= ABOUT THIS TASK =
Only the lines below starting at the one that contains "#184=DIRECTION('',(0.953389032291445,0.3017438534691,0.));" and ending at the one that contains "#191=LINE('',#190,#189);" are to be reproduced, exactly and with both ends kept.
········
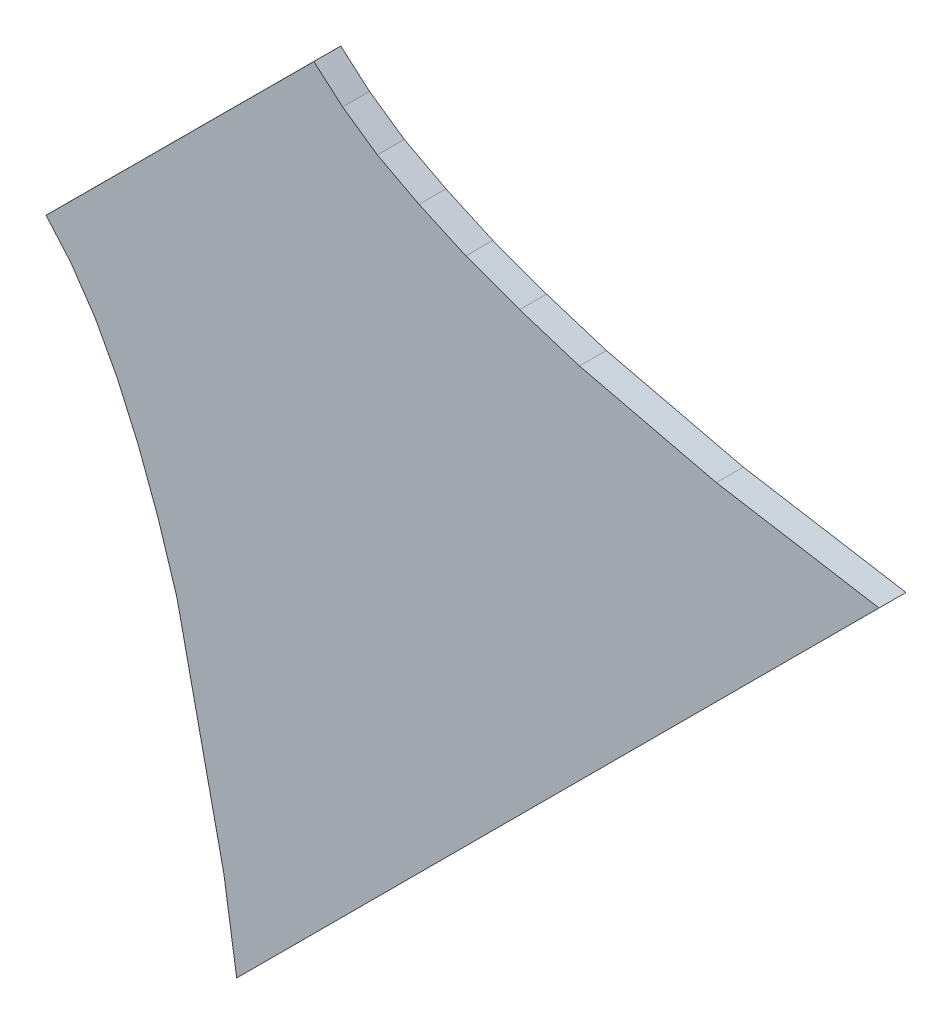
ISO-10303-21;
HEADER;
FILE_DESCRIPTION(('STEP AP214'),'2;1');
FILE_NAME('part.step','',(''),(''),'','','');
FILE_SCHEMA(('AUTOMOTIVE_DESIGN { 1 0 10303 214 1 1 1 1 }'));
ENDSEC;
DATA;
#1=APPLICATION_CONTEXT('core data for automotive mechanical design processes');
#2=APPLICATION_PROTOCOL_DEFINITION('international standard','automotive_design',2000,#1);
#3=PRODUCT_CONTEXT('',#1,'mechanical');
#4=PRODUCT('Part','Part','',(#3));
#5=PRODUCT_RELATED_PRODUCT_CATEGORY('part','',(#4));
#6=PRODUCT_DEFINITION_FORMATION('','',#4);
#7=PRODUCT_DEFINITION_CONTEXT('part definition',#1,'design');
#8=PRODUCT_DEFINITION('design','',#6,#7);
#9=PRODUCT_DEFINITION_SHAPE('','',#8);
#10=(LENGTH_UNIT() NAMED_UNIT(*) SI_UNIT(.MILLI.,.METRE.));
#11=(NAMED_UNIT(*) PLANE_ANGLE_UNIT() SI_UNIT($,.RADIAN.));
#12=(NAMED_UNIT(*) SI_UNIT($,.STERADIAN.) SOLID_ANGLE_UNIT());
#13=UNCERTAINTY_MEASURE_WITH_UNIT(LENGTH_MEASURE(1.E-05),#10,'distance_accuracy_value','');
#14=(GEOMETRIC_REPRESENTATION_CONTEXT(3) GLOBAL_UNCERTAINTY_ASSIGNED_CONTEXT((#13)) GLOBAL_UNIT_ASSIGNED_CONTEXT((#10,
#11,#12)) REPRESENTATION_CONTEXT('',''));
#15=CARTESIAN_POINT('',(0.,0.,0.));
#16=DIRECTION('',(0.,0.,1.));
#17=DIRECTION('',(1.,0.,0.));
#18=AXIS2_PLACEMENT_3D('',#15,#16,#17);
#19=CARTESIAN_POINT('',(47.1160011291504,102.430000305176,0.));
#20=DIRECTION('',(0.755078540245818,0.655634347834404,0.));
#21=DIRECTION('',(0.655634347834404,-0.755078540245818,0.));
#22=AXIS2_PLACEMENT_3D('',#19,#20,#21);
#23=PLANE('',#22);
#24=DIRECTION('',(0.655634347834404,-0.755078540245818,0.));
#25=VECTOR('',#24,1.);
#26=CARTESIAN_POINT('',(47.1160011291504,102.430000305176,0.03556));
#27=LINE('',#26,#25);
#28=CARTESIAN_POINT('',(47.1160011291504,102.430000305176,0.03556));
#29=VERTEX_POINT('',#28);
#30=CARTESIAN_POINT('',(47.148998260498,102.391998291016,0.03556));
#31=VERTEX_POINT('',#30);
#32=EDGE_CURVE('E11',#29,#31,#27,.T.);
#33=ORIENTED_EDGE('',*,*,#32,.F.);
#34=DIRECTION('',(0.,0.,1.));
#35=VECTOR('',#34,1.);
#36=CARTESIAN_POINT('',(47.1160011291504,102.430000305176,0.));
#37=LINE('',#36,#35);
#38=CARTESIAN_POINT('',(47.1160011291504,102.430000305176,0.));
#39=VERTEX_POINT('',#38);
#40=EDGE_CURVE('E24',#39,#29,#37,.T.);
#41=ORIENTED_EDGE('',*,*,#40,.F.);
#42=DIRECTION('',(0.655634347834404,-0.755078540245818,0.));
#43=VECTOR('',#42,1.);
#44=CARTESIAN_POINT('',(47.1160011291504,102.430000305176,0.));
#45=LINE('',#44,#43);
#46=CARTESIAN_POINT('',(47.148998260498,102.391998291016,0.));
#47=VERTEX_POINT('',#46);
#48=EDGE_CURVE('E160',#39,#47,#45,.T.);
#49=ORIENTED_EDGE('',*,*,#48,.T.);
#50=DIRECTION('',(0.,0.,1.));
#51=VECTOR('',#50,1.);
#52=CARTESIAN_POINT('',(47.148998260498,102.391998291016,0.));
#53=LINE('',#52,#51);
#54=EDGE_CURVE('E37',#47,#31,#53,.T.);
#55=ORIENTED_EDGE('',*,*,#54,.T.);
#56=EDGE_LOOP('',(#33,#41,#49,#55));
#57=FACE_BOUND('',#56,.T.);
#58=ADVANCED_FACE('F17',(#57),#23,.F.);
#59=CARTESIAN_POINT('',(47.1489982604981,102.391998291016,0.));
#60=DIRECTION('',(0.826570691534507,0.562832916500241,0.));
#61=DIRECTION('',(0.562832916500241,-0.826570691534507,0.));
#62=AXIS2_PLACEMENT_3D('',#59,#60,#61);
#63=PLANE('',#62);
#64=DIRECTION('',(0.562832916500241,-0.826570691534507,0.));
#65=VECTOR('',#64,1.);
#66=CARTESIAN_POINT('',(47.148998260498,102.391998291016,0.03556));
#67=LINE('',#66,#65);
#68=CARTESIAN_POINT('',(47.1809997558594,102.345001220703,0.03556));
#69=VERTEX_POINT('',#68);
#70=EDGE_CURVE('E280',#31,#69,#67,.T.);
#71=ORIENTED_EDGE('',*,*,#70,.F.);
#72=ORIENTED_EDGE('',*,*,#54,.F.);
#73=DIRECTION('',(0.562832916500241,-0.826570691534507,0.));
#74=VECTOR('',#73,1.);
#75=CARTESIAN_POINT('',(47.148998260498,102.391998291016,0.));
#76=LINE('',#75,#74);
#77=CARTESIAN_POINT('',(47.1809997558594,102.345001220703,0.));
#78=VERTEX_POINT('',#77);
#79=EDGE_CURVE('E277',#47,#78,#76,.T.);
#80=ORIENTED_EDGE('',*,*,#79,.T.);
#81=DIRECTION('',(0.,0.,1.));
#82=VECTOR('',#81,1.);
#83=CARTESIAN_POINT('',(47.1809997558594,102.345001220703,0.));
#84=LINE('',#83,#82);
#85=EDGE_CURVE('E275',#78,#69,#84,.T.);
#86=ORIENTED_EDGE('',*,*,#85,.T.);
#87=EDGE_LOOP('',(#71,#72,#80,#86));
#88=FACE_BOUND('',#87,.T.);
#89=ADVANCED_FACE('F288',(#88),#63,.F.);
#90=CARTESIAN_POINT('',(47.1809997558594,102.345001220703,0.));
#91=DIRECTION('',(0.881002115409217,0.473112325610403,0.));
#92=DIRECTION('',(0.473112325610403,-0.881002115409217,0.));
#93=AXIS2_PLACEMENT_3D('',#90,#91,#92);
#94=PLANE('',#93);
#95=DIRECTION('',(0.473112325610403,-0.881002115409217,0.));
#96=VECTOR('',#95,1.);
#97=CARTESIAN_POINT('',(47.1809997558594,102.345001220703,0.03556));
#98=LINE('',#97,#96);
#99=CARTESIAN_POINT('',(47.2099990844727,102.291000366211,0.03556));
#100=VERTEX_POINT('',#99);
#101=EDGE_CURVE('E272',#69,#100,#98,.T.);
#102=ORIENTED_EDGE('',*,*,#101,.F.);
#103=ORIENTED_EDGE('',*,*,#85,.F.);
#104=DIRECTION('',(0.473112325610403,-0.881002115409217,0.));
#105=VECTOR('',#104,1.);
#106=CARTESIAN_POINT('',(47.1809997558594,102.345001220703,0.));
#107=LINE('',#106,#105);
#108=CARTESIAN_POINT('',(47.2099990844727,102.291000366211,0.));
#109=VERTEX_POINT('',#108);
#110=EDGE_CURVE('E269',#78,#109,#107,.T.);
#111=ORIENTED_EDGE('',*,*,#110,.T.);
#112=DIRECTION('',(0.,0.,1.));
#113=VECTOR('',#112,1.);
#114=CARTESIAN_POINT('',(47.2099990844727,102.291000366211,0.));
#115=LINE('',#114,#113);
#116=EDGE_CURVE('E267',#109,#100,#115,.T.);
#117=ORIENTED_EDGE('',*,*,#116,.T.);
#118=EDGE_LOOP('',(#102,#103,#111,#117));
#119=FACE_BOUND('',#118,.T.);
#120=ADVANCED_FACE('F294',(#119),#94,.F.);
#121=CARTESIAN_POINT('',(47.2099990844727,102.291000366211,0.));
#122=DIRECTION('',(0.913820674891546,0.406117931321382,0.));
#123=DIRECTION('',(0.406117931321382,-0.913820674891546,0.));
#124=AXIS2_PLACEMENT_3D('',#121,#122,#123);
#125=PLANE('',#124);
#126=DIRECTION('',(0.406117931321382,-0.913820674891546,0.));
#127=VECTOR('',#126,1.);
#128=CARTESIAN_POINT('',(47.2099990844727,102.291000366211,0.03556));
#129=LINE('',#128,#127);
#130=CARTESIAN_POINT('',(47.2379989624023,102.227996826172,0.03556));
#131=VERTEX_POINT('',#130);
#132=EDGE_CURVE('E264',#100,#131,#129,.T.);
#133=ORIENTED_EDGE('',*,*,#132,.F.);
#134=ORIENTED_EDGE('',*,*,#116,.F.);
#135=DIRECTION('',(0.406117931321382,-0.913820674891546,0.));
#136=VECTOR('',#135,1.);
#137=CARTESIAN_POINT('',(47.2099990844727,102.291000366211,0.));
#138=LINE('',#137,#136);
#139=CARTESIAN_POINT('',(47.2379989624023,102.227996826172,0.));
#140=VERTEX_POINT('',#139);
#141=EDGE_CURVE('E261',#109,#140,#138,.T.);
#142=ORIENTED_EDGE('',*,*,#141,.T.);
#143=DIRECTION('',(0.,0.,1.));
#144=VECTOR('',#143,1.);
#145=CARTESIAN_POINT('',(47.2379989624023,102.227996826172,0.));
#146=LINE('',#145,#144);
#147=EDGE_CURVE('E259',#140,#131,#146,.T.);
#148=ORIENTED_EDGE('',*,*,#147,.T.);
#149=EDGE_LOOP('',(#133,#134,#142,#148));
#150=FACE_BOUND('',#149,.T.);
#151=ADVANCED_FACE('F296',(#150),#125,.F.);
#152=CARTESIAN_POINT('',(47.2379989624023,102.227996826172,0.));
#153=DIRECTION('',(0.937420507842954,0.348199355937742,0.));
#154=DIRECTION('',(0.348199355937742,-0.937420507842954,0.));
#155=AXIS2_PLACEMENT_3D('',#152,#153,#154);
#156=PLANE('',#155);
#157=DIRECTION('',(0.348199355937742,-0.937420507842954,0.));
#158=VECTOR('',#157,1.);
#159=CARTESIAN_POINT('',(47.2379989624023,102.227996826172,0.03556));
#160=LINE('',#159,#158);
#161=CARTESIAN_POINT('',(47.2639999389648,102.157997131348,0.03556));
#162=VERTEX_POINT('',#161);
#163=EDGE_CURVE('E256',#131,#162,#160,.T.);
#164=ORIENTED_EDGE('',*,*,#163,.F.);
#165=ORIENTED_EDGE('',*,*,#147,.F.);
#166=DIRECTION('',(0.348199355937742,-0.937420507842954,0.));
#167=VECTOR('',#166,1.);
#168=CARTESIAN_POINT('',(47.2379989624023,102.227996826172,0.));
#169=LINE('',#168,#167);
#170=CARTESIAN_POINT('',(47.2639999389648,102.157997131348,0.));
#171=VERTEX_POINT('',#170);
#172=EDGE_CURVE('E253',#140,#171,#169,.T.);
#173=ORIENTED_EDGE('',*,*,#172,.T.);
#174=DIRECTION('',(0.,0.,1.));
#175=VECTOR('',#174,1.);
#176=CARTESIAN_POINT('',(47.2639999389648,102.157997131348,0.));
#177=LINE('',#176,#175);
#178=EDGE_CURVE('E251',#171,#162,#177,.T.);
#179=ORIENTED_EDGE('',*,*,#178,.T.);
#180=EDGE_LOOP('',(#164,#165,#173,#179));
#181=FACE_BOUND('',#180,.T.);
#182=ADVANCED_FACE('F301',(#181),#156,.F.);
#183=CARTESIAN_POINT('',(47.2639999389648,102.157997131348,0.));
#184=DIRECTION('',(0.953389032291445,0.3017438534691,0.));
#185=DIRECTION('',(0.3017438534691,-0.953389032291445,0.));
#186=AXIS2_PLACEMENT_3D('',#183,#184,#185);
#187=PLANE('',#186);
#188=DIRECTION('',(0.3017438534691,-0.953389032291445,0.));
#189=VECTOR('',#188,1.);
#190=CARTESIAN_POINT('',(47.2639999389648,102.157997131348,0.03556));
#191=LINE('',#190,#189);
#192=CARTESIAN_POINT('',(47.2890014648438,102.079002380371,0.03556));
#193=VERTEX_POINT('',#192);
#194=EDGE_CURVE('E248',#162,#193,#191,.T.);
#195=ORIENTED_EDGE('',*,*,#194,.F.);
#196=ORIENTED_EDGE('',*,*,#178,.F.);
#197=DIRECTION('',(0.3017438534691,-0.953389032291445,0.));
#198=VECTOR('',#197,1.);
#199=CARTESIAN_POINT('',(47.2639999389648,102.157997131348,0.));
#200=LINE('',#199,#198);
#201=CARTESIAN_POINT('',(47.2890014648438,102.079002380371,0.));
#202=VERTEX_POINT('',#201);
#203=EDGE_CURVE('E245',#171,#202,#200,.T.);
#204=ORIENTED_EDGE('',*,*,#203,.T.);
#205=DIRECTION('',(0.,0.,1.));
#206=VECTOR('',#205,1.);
········
= EXPECTED ANSWER =
#184=DIRECTION('',(0.953389032291445,0.3017438534691,0.));
#185=DIRECTION('',(0.3017438534691,-0.953389032291445,0.));
#186=AXIS2_PLACEMENT_3D('',#183,#184,#185);
#187=PLANE('',#186);
#188=DIRECTION('',(0.3017438534691,-0.953389032291445,0.));
#189=VECTOR('',#188,1.);
#190=CARTESIAN_POINT('',(47.2639999389648,102.157997131348,0.03556));
#191=LINE('',#190,#189);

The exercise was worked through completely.